> PROBLEM TO WORK ON
Select the lines of the records containing the word "font" and list them.

> DATA FOR THE TASK
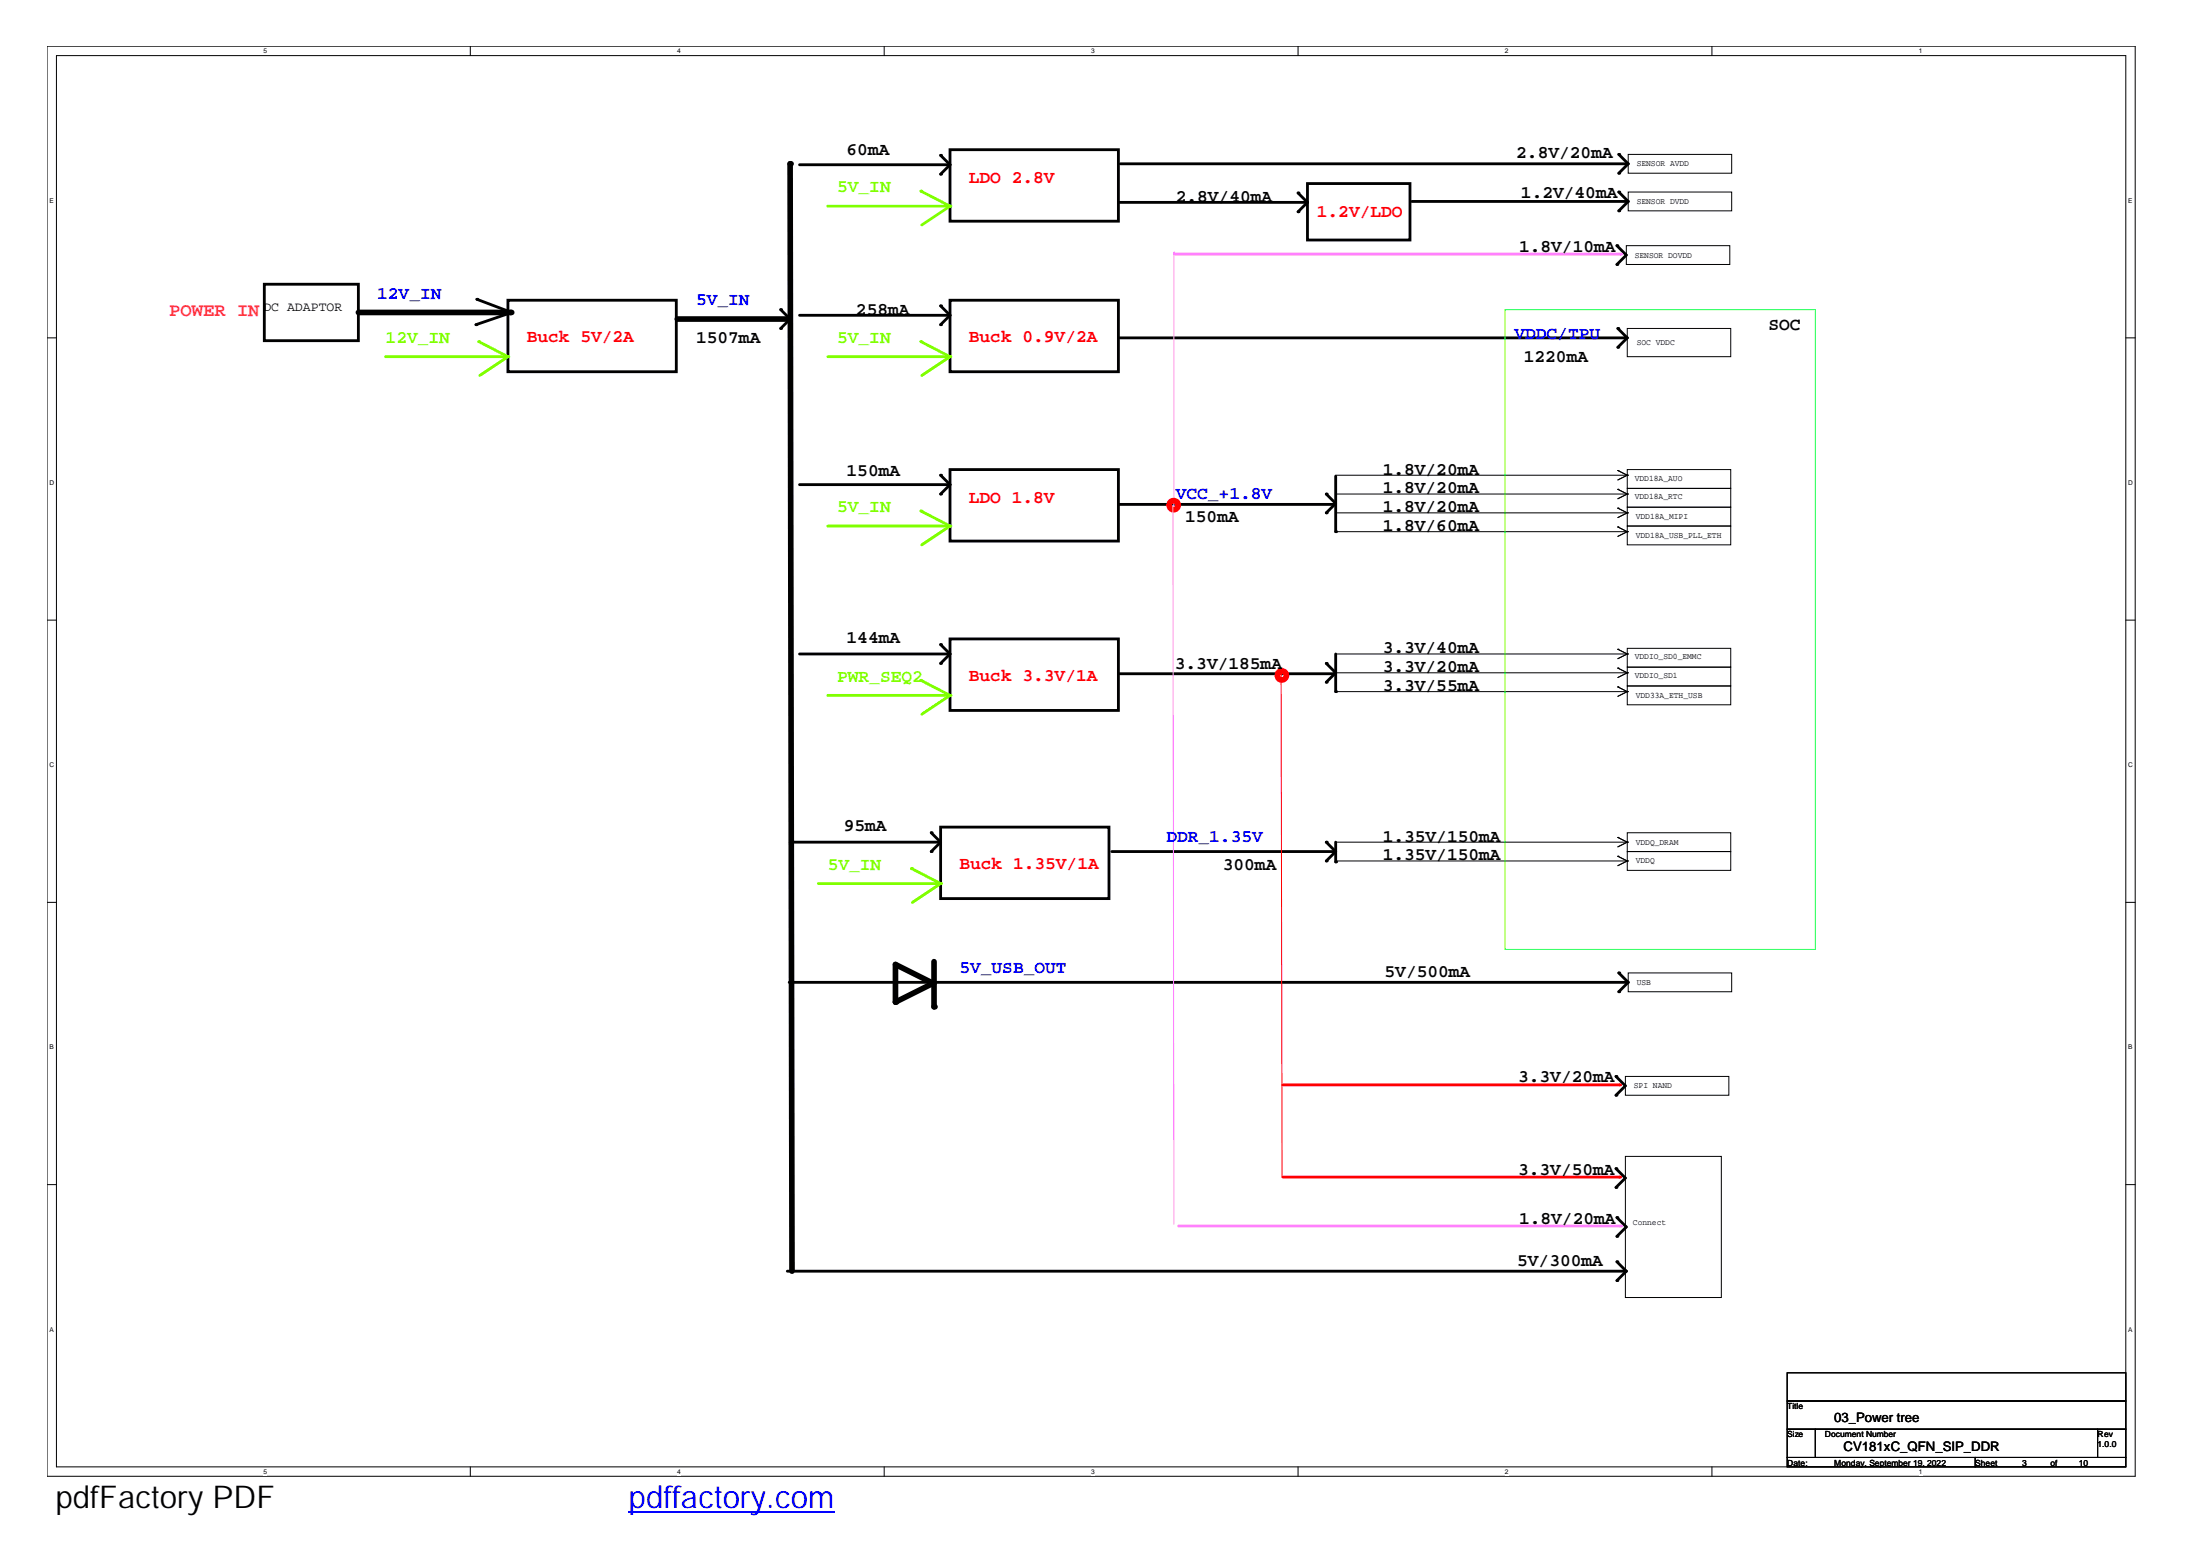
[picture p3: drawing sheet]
<svg xmlns="http://www.w3.org/2000/svg" width="297mm" height="210mm" viewBox="0 0 297 210" stroke-linecap="round" stroke-linejoin="round" font-family="sans-serif">
<path d="M6.3 6.2h282v193.1h-282zM7.6 7.5h279.4v190.5h-279.4z" fill="none" stroke="#000" stroke-width=".14"/>
<g fill="#fff">
<path d="M35.6 6.4h.5v1h-.5z"/>
<path d="M35.6 198.1h.5v1.1h-.5z"/>
</g>
<path d="M63.5 6.2v1.3M63.5 198v1.3" fill="none" stroke="#000" stroke-width=".14"/>
<g fill="#fff">
<path d="M91.4 6.4h.5v1h-.5z"/>
<path d="M91.4 198.1h.5v1.1h-.5z"/>
</g>
<path d="M119.4 6.2v1.3M119.4 198v1.3" fill="none" stroke="#000" stroke-width=".14"/>
<g fill="#fff">
<path d="M147.3 6.4h.5v1h-.5z"/>
<path d="M147.3 198.1h.5v1.1h-.5z"/>
</g>
<path d="M175.3 6.2v1.3M175.3 198v1.3" fill="none" stroke="#000" stroke-width=".14"/>
<g fill="#fff">
<path d="M203.2 6.4h.5v1h-.5z"/>
<path d="M203.2 198.1h.5v1.1h-.5z"/>
</g>
<path d="M231.1 6.2v1.3M231.1 198v1.3" fill="none" stroke="#000" stroke-width=".14"/>
<g fill="#fff">
<path d="M259.1 6.4h.5v1h-.5z"/>
<path d="M259.1 198.1h.5v1.1h-.5z"/>
<path d="M6.7 26.6h.6v1h-.6z"/>
<path d="M287.4 26.6h.6v1h-.6z"/>
<path d="M6.7 64.7h.6v1h-.6z"/>
<path d="M287.4 64.7h.6v1h-.6z"/>
</g>
<path d="M6.3 45.6h1.3M287 45.6h1.3" fill="none" stroke="#000" stroke-width=".14"/>
<g fill="#fff">
<path d="M6.7 102.8h.6v1h-.6z"/>
<path d="M287.4 102.8h.6v1h-.6z"/>
</g>
<path d="M6.3 83.7h1.3M287 83.7h1.3" fill="none" stroke="#000" stroke-width=".14"/>
<g fill="#fff">
<path d="M6.7 140.9h.6v1h-.6z"/>
<path d="M287.4 140.9h.6v1h-.6z"/>
</g>
<path d="M6.3 121.8h1.3M287 121.8h1.3" fill="none" stroke="#000" stroke-width=".14"/>
<g fill="#fff">
<path d="M6.7 179h.5v1h-.5z"/>
<path d="M287.4 179h.5v1h-.5z"/>
</g>
<path d="M6.3 159.9h1.3M287 159.9h1.3" fill="none" stroke="#000" stroke-width=".14"/>
<path d="M35.7 38.4h12.7v7.6h-12.7zM64.4 40.4l4.7 1.8-4.8 1.6M68.6 40.5h22.7v9.7h-22.7z" fill="none" stroke="#000" stroke-width=".38"/>
<g fill="#000">
<circle cx="64.3" cy="43.8" r=".19"/>
<circle cx="64.4" cy="40.4" r=".19"/>
<circle cx="69" cy="42.2" r=".38"/>
</g>
<path d="M48.4 42.2h20.6" fill="none" stroke="#000" stroke-width=".76"/>
<path d="M52.1 48.1h16.4" fill="none" stroke="#80ff00" stroke-width=".38"/>
<circle cx="68.5" cy="48.1" r=".19" fill="#80ff00"/>
<path d="M68.6 48.1l-3.8 2.6" fill="none" stroke="#80ff00" stroke-width=".38"/>
<circle cx="68.6" cy="48.1" r=".19" fill="#80ff00"/>
<path d="M64.6 46.1l4 2" fill="none" stroke="#80ff00" stroke-width=".38"/>
<circle cx="64.6" cy="46.1" r=".19" fill="#80ff00"/>
<path d="M128.3 40.5h22.7v9.7h-22.7z" fill="none" stroke="#000" stroke-width=".38"/>
<path d="M111.8 48.1h16.3" fill="none" stroke="#80ff00" stroke-width=".38"/>
<circle cx="128.1" cy="48.1" r=".19" fill="#80ff00"/>
<path d="M128.3 48.1l-3.8 2.6" fill="none" stroke="#80ff00" stroke-width=".38"/>
<circle cx="128.3" cy="48.1" r=".19" fill="#80ff00"/>
<path d="M124.3 46.1l4 2" fill="none" stroke="#80ff00" stroke-width=".38"/>
<circle cx="124.3" cy="46.1" r=".19" fill="#80ff00"/>
<path d="M105.4 41.8l1.3 1.3-1.3 1.2M107.9 42.6h20.2M127 41.3l1.3 1.3-1.3 1.2M107.9 65.4h20.2M127 64.1l1.3 1.3-1.3 1.3M128.3 63.4h22.7v9.6h-22.7z" fill="none" stroke="#000" stroke-width=".38"/>
<g fill="#000">
<circle cx="106.7" cy="22.1" r=".38"/>
<circle cx="105.4" cy="44.3" r=".19"/>
<circle cx="105.4" cy="41.8" r=".19"/>
<circle cx="106.6" cy="43.1" r=".38"/>
<circle cx="127" cy="43.8" r=".19"/>
<circle cx="127" cy="41.3" r=".19"/>
<circle cx="128.1" cy="42.6" r=".19"/>
<circle cx="127" cy="66.7" r=".19"/>
<circle cx="127" cy="64.1" r=".19"/>
<circle cx="128.1" cy="65.4" r=".19"/>
</g>
<path d="M106.7 22.1l.2 149.5M91.4 43.1h15.2" fill="none" stroke="#000" stroke-width=".76"/>
<path d="M111.8 71h16.3" fill="none" stroke="#80ff00" stroke-width=".38"/>
<circle cx="128.1" cy="71" r=".19" fill="#80ff00"/>
<path d="M128.3 71l-3.8 2.5" fill="none" stroke="#80ff00" stroke-width=".38"/>
<circle cx="128.3" cy="71" r=".19" fill="#80ff00"/>
<path d="M124.3 69l4 2" fill="none" stroke="#80ff00" stroke-width=".38"/>
<circle cx="124.3" cy="69" r=".19" fill="#80ff00"/>
<path d="M107.9 88.3h20.2M127 87l1.3 1.3-1.3 1.2M128.3 86.2h22.7v9.7h-22.7z" fill="none" stroke="#000" stroke-width=".38"/>
<g fill="#000">
<circle cx="127" cy="89.5" r=".19"/>
<circle cx="127" cy="87" r=".19"/>
<circle cx="128.1" cy="88.3" r=".19"/>
</g>
<path d="M111.8 93.9h16.3" fill="none" stroke="#80ff00" stroke-width=".38"/>
<circle cx="128.1" cy="93.9" r=".19" fill="#80ff00"/>
<path d="M128.3 93.9l-3.8 2.5" fill="none" stroke="#80ff00" stroke-width=".38"/>
<circle cx="128.3" cy="93.9" r=".19" fill="#80ff00"/>
<path d="M124.3 91.8l4 2.1" fill="none" stroke="#80ff00" stroke-width=".38"/>
<circle cx="124.3" cy="91.8" r=".19" fill="#80ff00"/>
<path d="M106.7 113.7h20.2M125.7 112.4l1.3 1.3-1.3 1.2M127 111.6h22.7v9.7h-22.7z" fill="none" stroke="#000" stroke-width=".38"/>
<g fill="#000">
<circle cx="125.7" cy="112.4" r=".19"/>
<circle cx="125.7" cy="114.9" r=".19"/>
<circle cx="126.9" cy="113.7" r=".19"/>
</g>
<path d="M110.5 119.3h16.4" fill="none" stroke="#80ff00" stroke-width=".38"/>
<circle cx="126.9" cy="119.3" r=".19" fill="#80ff00"/>
<path d="M127 119.3l-3.8 2.5" fill="none" stroke="#80ff00" stroke-width=".38"/>
<circle cx="127" cy="119.3" r=".19" fill="#80ff00"/>
<path d="M123.1 117.2l3.9 2.1" fill="none" stroke="#80ff00" stroke-width=".38"/>
<circle cx="123.1" cy="117.2" r=".19" fill="#80ff00"/>
<path d="M107.9 22.2h20.2M127 21l1.3 1.2-1.3 1.3M128.3 20.2h22.7v9.7h-22.7z" fill="none" stroke="#000" stroke-width=".38"/>
<g fill="#000">
<circle cx="127" cy="23.5" r=".19"/>
<circle cx="127" cy="21" r=".19"/>
<circle cx="128.1" cy="22.2" r=".19"/>
</g>
<path d="M111.8 27.8h16.3" fill="none" stroke="#80ff00" stroke-width=".38"/>
<circle cx="128.1" cy="27.8" r=".19" fill="#80ff00"/>
<path d="M128.3 27.8l-3.8 2.6" fill="none" stroke="#80ff00" stroke-width=".38"/>
<circle cx="128.3" cy="27.8" r=".19" fill="#80ff00"/>
<path d="M124.3 25.8l4 2" fill="none" stroke="#80ff00" stroke-width=".38"/>
<circle cx="124.3" cy="25.8" r=".19" fill="#80ff00"/>
<g fill="none" stroke="#000" stroke-width=".38">
<path d="M151.1 27.3h25.3M151.3 22.1h68.4M175.3 26l1.2 1.3-1.2 1.3M176.5 24.8h13.9v7.6h-13.9zM190.6 27.2h29.1M218.3 33.2l1.3 1.2-1.3 1.3M218.6 20.8l1.2 1.3-1.2 1.3M218.6 25.9l1.2 1.3-1.2 1.3M151.1 45.6h68.5M218.4 44.3l1.3 1.3-1.3 1.3M151 68.1h29.1M179.1 66.7l1.2 1.3-1.2 1.2"/>
<path d="M180.3 64.3v7.5"/>
</g>
<g fill="#000">
<circle cx="175.3" cy="28.6" r=".19"/>
<circle cx="175.3" cy="26" r=".19"/>
<circle cx="176.4" cy="27.3" r=".19"/>
<circle cx="218.3" cy="33.2" r=".19"/>
<circle cx="218.3" cy="35.7" r=".19"/>
<circle cx="218.6" cy="20.8" r=".19"/>
<circle cx="218.6" cy="25.9" r=".19"/>
<circle cx="218.6" cy="23.4" r=".19"/>
<circle cx="218.6" cy="28.5" r=".19"/>
<circle cx="219.7" cy="22.1" r=".19"/>
<circle cx="219.7" cy="27.2" r=".19"/>
<circle cx="218.4" cy="46.9" r=".19"/>
<circle cx="218.4" cy="44.3" r=".19"/>
<circle cx="219.6" cy="45.6" r=".19"/>
<circle cx="179.1" cy="66.7" r=".19"/>
<circle cx="179.1" cy="69.2" r=".19"/>
<circle cx="180.1" cy="68.1" r=".19"/>
<circle cx="180.3" cy="71.8" r=".19"/>
</g>
<g fill="none" stroke="#000" stroke-width=".14">
<path d="M219.8 25.9h14v2.6h-14zM219.8 20.8h14v2.6h-14zM219.7 44.3h14v3.8h-14zM180.3 66.7h39.4M180.3 69.2h39.4M180.3 71.8h39.4M218.4 66.1h.1M218.4 68.6h.1M218.4 71.1h.1M218.4 66.1l1.3 .6M218.4 68.6l1.3 .6M218.4 71.1l1.3 .7"/>
<path d="M219.7 66.7h.1M219.7 69.2h.1M219.7 71.8h.1M219.7 66.7l-1.3 .6M219.7 69.2l-1.3 .7M219.7 71.8l-1.3 .6M219.7 71h14v2.5h-14zM219.7 65.9h14v2.6h-14zM219.7 68.5h14v2.5h-14z"/>
</g>
<path d="M158.5 34.1h.1M158.5 34.1v34.1" fill="none" stroke="#ff80ff" stroke-width=".14"/>
<path d="M158.6 34.3h60.2" fill="none" stroke="#ff80ff" stroke-width=".38"/>
<circle cx="218.8" cy="34.3" r=".19" fill="#ff80ff"/>
<g fill="none" stroke="#000" stroke-width=".14">
<path d="M219.6 33.2h14v2.5h-14zM180.3 64.1h39.4M218.4 63.5h.1M218.4 63.5l1.3 .6M219.7 64.1h.1M219.7 64.1l-1.3 .7M219.7 63.4h14v2.5h-14zM180.3 88.3h39.4M180.3 90.8h39.4M180.3 93.4h39.4M218.4 87.6h.1M218.4 90.2h.1"/>
<path d="M218.4 92.7h.1M218.4 87.6l1.3 .7M218.4 90.2l1.3 .6M218.4 92.7l1.3 .7M219.7 88.3h.1M219.7 90.8h.1M219.7 93.4h.1M219.7 88.3l-1.3 .6M219.7 90.8l-1.3 .7M219.7 93.4l-1.3 .6M219.7 90.1h14v2.5h-14zM219.7 87.5h14v2.6h-14z"/>
<path d="M219.7 92.6h14v2.5h-14zM180.3 113.7h39.4M180.3 116.2h39.4M218.4 113h.1M218.4 115.6h.1M218.4 113l1.3 .7M218.4 115.6l1.3 .6M219.7 113.7h.1M219.7 116.2h.1M219.7 113.7l-1.3 .6M219.7 116.2l-1.3 .7M219.7 114.9h14v2.6h-14z"/>
<path d="M219.7 112.4h14v2.5h-14zM219.8 131.3h14v2.6h-14zM219.5 145.3h13.9v2.5h-13.9z"/>
</g>
<path d="M151 90.9h29.1M179.1 89.5l1.2 1.3-1.2 1.3M180.3 88.3v5.1M150.1 114.9h30.1M179.1 113.7l1.2 1.2-1.2 1.3M180.3 113.7v2.6M106.6 132.6h113.1M218.6 131.3l1.2 1.3-1.2 1.3M218.2 145.3l1.3 1.3-1.3 1.2" fill="none" stroke="#000" stroke-width=".38"/>
<g fill="#000">
<circle cx="179.1" cy="92.1" r=".19"/>
<circle cx="179.1" cy="89.5" r=".19"/>
<circle cx="180.1" cy="90.9" r=".19"/>
<circle cx="180.3" cy="93.4" r=".19"/>
<circle cx="179.1" cy="113.7" r=".19"/>
<circle cx="179.1" cy="116.2" r=".19"/>
<circle cx="180.2" cy="114.9" r=".19"/>
<circle cx="180.3" cy="116.3" r=".19"/>
<circle cx="120.9" cy="135.3" r=".38"/>
<circle cx="126" cy="132.7" r=".38"/>
<circle cx="126.1" cy="135.9" r=".38"/>
<circle cx="218.6" cy="131.3" r=".19"/>
<circle cx="218.6" cy="133.9" r=".19"/>
<circle cx="219.7" cy="132.6" r=".19"/>
<circle cx="218.2" cy="147.8" r=".19"/>
<circle cx="218.2" cy="145.3" r=".19"/>
</g>
<path d="M120.9 130.2l5.1 2.5-5.1 2.6zM126.1 129.8v6.1" fill="none" stroke="#000" stroke-width=".76"/>
<path d="M203.2 41.8h41.9v86.4h-41.9z" fill="none" stroke="#00ff40" stroke-width=".14"/>
<path d="M173 91.1h.1M173 91.1l.1 67.8" fill="none" stroke="#f00" stroke-width=".14"/>
<path d="M173.2 146.4h45.5" fill="none" stroke="#f00" stroke-width=".38"/>
<circle cx="218.7" cy="146.4" r=".19" fill="#f00"/>
<g fill="none" stroke="#f00" stroke-width=".76">
<circle cx="158.5" cy="68.2" r=".62"/>
<circle cx="173.1" cy="91.2" r=".62"/>
</g>
<path d="M219.5 156.1h12.9v19h-12.9z" fill="none" stroke="#000" stroke-width=".14"/>
<path d="M218.2 157.7l1.3 1.3-1.3 1.3M106.3 171.6h113.2M218.3 170.3l1.3 1.3-1.3 1.3" fill="none" stroke="#000" stroke-width=".38"/>
<g fill="#000">
<circle cx="218.2" cy="157.7" r=".19"/>
<circle cx="218.2" cy="160.3" r=".19"/>
<circle cx="218.3" cy="170.3" r=".19"/>
<circle cx="218.3" cy="172.9" r=".19"/>
<circle cx="219.5" cy="171.6" r=".19"/>
</g>
<path d="M173.2 158.9h45.5" fill="none" stroke="#f00" stroke-width=".38"/>
<circle cx="218.7" cy="158.9" r=".19" fill="#f00"/>
<path d="M158.4 68.2h.1M158.4 68.2l.1 97" fill="none" stroke="#ff80ff" stroke-width=".14"/>
<path d="M218.3 164.4l1.3 1.2-1.3 1.3" fill="none" stroke="#000" stroke-width=".38"/>
<g fill="#000">
<circle cx="218.3" cy="164.4" r=".19"/>
<circle cx="218.3" cy="166.9" r=".19"/>
</g>
<path d="M159.1 165.5h59.7" fill="none" stroke="#ff80ff" stroke-width=".38"/>
<circle cx="218.8" cy="165.5" r=".19" fill="#ff80ff"/>
<path d="M241.3 185.3h45.7v3.8h-45.7zM241.3 189.1h45.7v3.8h-45.7zM241.3 192.9h3.8v3.8h-3.8zM241.3 196.7h25.4v1.3h-25.4zM245.1 192.9h38.1v3.8h-38.1zM266.7 196.7h20.3v1.3h-20.3zM283.2 192.9h3.8v3.8h-3.8z" fill="none" stroke="#000" stroke-width=".14"/>
<path d="M84.9 204.1h27.8" fill="none" stroke="#00f" stroke-width=".21"/>
<g font-size="4.2">
<text x="6.3" y="203.6">利用pdfFactory 测试版本创建的</text>
<text x="28.7" y="203.6">PDF文档</text>
</g>
<text font-size="4.2" fill="#00f" x="84.9" y="203.6">pdffactory.com</text>
<text font-size="2.5" fill="#ff0080" x="22.9" y="42.6">POWER IN</text>
<g font-size="2.4">
<text x="114.3" y="20.9">60mA</text>
<text x="204.7" y="21.4">2.8V/20mA</text>
<text x="158.8" y="27.2">2.8V/40mA</text>
<text x="205.4" y="26.7">1.2V/40mA</text>
<text x="205.1" y="34">1.8V/10mA</text>
<text x="94" y="46.3">1507mA</text>
<text x="115.6" y="42.5">258mA</text>
<text x="238.8" y="44.5">SOC</text>
<text x="205.7" y="48.8">1220mA</text>
<text x="114.3" y="64.2">150mA</text>
<text x="186.7" y="64.1">1.8V/20mA</text>
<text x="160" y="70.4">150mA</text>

> RESPONSE AREA
<svg xmlns="http://www.w3.org/2000/svg" width="297mm" height="210mm" viewBox="0 0 297 210" stroke-linecap="round" stroke-linejoin="round" font-family="sans-serif">
<g font-size="4.2">
<text font-size="4.2" fill="#00f" x="84.9" y="203.6">pdffactory.com</text>
<text font-size="2.5" fill="#ff0080" x="22.9" y="42.6">POWER IN</text>
<g font-size="2.4">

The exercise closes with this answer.